Wednesday, September 18, 2013

Excuses

Burroughs poses the question, "Suppose we do not find our hearts prepared [for the duty of God's worship] as we desire. Would it be better to leave off duty than perform it?" After all, God cares about our hearts more than mere ceremony. In Amos 5, God reprimands His people for their ceremony and rejects their worthless, empty worship. While on one hand there is a danger of meaningless acts of "worship," on the other hand, if we stop our going to church, praying, reading the Word, or whatever else we deem our hearts unfit for, we become spiritually lazy. It is a temptation to be lazy disguised as spiritual piety. In reading about this struggle I was reminded of C.S. Lewis' Screwtape Letters. We tend to excuse our laziness and inability to resist temptation from a Wormwood, who's whispering, "You don't have to do this now, your heart's not right anyways. It's ok to just wait until a better time." But if we allow ourselves just once to excuse ourselves from God, it only becomes easier and easier to do so. Burroughs affirms that the cure is not to stop coming to God, but to run to Him and get our hearts right. He compares the benefit of continuing in our duties to the way sin affects us: "As one sin prepares the heart for another sin, so one duty prepares for another." 

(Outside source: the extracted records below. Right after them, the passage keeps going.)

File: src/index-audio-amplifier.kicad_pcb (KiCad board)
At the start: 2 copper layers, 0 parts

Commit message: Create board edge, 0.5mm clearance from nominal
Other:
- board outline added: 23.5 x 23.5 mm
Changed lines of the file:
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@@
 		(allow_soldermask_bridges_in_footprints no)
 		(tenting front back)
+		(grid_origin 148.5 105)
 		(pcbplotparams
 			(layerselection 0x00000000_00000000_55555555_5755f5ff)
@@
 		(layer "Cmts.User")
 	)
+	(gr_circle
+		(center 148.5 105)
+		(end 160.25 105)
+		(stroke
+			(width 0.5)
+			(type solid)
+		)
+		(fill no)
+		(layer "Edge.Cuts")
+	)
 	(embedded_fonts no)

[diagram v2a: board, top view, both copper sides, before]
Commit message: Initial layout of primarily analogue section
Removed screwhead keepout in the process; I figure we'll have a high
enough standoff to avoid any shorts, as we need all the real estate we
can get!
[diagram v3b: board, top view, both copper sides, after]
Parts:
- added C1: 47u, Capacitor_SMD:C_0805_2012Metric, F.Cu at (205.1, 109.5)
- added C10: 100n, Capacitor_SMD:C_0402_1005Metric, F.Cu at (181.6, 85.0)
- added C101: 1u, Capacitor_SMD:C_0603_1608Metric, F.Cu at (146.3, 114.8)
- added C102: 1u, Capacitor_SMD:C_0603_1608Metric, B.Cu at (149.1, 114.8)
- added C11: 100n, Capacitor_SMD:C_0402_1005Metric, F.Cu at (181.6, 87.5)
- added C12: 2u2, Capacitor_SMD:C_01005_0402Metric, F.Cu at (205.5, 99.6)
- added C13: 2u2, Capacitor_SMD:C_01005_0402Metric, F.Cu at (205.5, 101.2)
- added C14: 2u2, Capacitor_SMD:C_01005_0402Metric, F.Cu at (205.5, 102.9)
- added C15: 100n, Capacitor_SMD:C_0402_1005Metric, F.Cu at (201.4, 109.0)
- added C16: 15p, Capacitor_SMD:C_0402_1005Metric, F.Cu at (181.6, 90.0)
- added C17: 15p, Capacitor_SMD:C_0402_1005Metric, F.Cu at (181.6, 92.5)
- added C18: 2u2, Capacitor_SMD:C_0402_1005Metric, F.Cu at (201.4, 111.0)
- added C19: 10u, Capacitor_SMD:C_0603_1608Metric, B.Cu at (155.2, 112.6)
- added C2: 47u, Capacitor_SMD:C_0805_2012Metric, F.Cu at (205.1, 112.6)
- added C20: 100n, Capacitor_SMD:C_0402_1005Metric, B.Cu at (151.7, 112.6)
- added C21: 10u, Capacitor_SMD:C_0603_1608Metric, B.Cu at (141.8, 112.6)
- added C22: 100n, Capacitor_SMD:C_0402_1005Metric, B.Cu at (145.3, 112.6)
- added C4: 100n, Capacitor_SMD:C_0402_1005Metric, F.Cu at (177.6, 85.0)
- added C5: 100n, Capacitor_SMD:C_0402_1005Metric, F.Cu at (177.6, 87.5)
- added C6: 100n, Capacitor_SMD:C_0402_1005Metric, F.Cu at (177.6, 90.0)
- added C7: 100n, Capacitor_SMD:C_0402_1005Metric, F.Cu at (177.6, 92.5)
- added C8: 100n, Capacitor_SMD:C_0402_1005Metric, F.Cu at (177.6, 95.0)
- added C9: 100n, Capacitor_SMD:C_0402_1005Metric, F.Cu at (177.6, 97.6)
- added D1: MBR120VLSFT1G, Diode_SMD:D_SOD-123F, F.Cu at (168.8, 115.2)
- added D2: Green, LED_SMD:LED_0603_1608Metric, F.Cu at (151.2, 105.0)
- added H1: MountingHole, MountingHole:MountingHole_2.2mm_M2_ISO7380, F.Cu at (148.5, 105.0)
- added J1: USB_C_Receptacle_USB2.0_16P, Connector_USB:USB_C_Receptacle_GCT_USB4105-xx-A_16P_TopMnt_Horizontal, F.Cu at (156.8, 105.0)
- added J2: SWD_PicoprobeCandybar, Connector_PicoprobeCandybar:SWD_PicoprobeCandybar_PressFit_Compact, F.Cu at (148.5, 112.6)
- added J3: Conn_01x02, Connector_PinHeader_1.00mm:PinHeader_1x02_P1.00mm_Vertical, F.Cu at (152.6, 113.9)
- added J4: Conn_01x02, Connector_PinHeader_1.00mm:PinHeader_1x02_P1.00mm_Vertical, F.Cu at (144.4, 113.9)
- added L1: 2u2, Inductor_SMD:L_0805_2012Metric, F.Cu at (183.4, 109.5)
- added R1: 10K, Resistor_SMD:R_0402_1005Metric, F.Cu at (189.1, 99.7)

If our hearts are not right with God, our duty is not to keep our distance, but to run to Him in humility, realizing our own weakness and continually seeking Him out. It is important to note that at the end of God's admonition of false worship in Amos, He tells His people to "Let justice roll down like waters, and righteousness like an ever-flowing stream." Draw near to God, cleanse your hands, purify your heart, and allow Him to change you.